> [Given data]:
***
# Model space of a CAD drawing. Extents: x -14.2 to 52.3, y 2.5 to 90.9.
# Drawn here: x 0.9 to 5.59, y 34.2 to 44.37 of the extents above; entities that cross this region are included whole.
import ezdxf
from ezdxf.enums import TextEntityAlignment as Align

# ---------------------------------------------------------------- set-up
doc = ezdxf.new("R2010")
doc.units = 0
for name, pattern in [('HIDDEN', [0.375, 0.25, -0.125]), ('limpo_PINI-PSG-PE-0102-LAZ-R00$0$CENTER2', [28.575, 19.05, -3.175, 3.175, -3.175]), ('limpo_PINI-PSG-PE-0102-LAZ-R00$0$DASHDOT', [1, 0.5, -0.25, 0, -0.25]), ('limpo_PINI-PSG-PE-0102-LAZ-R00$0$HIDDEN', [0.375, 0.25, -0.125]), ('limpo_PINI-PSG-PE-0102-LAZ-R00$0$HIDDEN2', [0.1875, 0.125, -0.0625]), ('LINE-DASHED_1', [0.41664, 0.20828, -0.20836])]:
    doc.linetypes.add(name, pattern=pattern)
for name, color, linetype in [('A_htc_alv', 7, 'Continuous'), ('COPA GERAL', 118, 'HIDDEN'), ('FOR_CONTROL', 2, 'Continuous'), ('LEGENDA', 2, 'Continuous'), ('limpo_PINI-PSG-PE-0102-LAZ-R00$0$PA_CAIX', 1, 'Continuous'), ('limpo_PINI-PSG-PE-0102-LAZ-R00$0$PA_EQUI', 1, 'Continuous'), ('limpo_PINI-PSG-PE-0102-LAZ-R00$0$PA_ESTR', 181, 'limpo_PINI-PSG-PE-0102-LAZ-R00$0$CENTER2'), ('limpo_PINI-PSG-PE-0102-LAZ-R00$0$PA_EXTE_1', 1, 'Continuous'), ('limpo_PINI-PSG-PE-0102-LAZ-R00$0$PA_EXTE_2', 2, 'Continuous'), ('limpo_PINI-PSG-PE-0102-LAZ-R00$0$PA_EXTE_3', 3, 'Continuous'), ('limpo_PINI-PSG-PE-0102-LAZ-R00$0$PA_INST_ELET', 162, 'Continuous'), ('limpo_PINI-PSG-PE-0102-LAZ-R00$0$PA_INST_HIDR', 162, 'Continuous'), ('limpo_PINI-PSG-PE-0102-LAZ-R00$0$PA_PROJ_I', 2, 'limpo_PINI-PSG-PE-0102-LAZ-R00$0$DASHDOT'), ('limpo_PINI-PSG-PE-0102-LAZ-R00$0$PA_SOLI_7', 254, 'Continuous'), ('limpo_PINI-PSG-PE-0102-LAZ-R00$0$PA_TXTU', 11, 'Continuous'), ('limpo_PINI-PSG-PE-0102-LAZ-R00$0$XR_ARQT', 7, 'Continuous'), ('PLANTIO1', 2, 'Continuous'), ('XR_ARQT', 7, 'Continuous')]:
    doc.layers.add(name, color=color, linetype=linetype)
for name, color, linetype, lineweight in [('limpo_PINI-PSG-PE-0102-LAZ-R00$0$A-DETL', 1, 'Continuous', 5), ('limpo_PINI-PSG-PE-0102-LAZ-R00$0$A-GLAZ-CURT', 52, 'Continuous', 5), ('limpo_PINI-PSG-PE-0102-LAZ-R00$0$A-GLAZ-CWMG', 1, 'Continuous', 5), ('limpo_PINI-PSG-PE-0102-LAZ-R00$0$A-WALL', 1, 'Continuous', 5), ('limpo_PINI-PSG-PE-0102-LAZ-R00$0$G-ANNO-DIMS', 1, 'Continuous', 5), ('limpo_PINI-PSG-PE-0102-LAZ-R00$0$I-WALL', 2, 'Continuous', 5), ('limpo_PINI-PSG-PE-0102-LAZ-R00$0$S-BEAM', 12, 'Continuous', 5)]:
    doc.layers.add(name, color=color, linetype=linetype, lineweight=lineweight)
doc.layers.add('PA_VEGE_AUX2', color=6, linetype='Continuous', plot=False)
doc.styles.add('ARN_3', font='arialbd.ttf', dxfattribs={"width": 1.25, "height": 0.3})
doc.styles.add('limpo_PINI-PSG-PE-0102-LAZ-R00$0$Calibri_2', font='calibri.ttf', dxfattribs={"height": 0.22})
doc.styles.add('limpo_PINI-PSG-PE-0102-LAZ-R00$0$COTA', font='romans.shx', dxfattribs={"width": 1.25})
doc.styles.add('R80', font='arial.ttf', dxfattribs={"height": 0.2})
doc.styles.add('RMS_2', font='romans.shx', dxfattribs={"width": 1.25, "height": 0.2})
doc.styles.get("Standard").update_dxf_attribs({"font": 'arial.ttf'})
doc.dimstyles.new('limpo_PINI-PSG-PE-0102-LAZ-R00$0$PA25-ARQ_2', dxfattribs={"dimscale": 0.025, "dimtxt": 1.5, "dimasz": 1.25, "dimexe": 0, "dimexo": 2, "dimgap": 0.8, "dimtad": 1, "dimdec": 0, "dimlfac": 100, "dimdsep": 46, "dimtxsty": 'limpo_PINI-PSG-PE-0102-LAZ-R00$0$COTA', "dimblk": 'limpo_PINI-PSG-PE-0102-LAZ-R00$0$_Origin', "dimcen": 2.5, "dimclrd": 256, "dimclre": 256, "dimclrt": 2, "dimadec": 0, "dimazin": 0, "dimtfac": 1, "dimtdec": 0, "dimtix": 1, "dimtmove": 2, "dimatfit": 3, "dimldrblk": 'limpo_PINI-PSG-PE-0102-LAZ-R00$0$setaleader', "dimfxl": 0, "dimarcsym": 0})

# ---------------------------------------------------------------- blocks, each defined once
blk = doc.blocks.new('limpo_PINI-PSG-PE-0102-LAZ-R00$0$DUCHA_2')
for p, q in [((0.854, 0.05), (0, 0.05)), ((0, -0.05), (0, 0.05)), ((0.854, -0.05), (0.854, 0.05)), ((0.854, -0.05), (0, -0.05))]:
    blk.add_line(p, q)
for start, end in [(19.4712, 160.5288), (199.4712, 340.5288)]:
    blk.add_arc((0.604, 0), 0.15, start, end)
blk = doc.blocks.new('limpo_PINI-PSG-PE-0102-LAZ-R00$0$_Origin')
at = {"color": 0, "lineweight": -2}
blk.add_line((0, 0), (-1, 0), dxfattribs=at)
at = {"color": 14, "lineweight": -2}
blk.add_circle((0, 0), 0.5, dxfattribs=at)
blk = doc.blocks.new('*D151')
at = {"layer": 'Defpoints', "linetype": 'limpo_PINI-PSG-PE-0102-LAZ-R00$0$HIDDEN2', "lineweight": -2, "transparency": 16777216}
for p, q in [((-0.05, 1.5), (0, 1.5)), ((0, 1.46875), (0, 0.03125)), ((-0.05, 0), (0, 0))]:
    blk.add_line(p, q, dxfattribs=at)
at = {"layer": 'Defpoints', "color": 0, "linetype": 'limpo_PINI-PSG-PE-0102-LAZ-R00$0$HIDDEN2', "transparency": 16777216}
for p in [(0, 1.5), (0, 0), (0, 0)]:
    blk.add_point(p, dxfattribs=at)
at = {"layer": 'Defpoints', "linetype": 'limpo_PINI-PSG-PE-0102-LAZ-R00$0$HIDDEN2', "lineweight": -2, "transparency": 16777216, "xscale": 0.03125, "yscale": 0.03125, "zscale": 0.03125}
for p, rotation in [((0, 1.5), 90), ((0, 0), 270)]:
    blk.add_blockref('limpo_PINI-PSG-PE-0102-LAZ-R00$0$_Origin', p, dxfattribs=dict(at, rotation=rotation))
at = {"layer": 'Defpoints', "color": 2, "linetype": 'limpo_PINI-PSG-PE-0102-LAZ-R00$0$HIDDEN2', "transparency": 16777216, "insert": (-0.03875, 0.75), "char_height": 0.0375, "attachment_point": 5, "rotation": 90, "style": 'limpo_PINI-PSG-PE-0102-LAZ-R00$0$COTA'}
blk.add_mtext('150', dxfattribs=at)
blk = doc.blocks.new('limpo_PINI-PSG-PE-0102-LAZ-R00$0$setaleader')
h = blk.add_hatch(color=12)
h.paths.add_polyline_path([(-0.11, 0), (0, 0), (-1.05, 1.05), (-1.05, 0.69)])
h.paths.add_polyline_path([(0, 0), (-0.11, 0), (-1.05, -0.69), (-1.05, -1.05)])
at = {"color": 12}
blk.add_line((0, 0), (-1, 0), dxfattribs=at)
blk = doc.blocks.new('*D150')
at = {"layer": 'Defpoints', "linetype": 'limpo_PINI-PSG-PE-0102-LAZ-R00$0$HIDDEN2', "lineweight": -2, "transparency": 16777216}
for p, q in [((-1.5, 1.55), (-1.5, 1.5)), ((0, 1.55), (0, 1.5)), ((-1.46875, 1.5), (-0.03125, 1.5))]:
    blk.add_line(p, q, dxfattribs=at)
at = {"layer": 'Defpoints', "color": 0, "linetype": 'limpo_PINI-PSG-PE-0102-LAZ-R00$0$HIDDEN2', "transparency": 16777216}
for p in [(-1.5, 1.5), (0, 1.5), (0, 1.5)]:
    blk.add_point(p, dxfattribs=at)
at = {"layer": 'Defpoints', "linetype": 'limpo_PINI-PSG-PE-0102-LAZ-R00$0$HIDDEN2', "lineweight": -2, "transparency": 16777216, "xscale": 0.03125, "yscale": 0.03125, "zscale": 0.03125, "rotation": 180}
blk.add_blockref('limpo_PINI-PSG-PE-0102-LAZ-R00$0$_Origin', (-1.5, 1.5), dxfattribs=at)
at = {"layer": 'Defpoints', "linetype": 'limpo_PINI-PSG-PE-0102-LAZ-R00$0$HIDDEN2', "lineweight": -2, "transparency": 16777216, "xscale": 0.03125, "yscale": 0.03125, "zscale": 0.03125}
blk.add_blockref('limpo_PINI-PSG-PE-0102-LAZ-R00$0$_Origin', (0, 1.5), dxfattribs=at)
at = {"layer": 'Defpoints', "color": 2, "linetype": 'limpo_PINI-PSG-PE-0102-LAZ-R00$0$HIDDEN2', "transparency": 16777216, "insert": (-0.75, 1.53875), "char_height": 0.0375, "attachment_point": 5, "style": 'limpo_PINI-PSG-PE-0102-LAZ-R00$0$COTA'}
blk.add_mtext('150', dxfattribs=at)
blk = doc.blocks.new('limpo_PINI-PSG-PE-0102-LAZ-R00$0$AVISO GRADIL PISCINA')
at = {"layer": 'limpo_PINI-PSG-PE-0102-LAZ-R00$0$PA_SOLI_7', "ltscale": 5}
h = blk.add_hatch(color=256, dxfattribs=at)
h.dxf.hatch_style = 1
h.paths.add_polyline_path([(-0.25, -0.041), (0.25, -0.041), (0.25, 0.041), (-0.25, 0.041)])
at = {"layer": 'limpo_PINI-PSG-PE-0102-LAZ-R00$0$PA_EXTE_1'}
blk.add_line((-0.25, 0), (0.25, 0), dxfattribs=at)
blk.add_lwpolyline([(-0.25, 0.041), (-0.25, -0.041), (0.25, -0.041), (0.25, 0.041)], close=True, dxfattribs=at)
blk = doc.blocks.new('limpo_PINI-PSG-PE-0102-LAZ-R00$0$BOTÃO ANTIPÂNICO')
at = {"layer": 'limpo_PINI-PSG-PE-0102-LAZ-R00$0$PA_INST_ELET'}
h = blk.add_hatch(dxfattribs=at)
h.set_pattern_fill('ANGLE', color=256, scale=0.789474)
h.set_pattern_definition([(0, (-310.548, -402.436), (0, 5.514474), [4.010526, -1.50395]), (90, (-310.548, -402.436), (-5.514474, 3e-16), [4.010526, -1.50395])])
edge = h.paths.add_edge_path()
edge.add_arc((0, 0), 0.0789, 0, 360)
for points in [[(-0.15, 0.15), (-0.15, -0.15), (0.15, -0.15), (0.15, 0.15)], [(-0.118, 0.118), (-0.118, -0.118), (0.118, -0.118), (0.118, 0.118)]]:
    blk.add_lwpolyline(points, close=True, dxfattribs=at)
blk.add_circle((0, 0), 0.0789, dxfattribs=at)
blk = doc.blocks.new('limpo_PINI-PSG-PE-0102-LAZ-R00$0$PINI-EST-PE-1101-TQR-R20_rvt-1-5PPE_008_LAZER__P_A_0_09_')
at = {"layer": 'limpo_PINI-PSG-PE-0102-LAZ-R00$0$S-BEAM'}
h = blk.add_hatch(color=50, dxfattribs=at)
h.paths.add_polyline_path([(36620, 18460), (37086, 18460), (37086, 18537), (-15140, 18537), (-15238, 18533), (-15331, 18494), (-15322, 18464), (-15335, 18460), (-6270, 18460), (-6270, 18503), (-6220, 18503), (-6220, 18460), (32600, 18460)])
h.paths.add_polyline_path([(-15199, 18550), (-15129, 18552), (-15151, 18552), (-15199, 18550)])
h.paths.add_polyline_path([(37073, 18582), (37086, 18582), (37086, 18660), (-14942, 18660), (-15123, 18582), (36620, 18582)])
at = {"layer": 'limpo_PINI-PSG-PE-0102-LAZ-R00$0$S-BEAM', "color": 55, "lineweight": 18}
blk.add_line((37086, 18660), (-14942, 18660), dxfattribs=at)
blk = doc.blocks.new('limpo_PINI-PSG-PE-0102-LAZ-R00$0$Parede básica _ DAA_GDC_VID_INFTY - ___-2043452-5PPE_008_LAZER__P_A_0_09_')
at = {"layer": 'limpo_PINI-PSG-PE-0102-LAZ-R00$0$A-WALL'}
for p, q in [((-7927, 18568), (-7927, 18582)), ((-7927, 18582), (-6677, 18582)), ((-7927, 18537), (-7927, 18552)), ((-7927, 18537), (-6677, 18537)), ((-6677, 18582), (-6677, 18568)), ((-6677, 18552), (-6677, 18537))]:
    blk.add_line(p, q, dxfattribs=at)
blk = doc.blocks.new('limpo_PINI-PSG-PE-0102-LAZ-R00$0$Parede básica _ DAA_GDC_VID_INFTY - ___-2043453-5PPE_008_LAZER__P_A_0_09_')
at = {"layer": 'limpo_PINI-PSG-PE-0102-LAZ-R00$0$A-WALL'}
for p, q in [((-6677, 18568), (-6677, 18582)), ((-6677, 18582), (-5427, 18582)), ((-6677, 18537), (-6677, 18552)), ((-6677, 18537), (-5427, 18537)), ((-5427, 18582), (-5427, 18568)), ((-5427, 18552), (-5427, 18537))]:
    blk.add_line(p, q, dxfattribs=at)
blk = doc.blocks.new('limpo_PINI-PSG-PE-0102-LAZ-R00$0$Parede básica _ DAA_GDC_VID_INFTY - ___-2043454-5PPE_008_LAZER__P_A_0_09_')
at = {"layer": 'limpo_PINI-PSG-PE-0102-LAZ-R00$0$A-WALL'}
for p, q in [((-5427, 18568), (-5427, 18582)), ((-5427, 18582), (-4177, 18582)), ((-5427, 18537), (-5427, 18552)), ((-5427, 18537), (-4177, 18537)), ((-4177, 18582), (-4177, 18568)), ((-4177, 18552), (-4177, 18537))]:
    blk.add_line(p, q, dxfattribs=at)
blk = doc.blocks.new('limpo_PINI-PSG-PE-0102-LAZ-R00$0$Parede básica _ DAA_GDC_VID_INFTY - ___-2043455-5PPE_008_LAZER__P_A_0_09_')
***
> [Requirement]: Using the material above, transcribe exactly the lines from the line with "3e-16), [4.010526, -1.50395])])" to the line with "18460), (32600, 18460)])"; both count, and nothing else goes in.

> [Worked solution]:
h.set_pattern_definition([(0, (-310.548, -402.436), (0, 5.514474), [4.010526, -1.50395]), (90, (-310.548, -402.436), (-5.514474, 3e-16), [4.010526, -1.50395])])
edge = h.paths.add_edge_path()
edge.add_arc((0, 0), 0.0789, 0, 360)
for points in [[(-0.15, 0.15), (-0.15, -0.15), (0.15, -0.15), (0.15, 0.15)], [(-0.118, 0.118), (-0.118, -0.118), (0.118, -0.118), (0.118, 0.118)]]:
    blk.add_lwpolyline(points, close=True, dxfattribs=at)
blk.add_circle((0, 0), 0.0789, dxfattribs=at)
blk = doc.blocks.new('limpo_PINI-PSG-PE-0102-LAZ-R00$0$PINI-EST-PE-1101-TQR-R20_rvt-1-5PPE_008_LAZER__P_A_0_09_')
at = {"layer": 'limpo_PINI-PSG-PE-0102-LAZ-R00$0$S-BEAM'}
h = blk.add_hatch(color=50, dxfattribs=at)
h.paths.add_polyline_path([(36620, 18460), (37086, 18460), (37086, 18537), (-15140, 18537), (-15238, 18533), (-15331, 18494), (-15322, 18464), (-15335, 18460), (-6270, 18460), (-6270, 18503), (-6220, 18503), (-6220, 18460), (32600, 18460)])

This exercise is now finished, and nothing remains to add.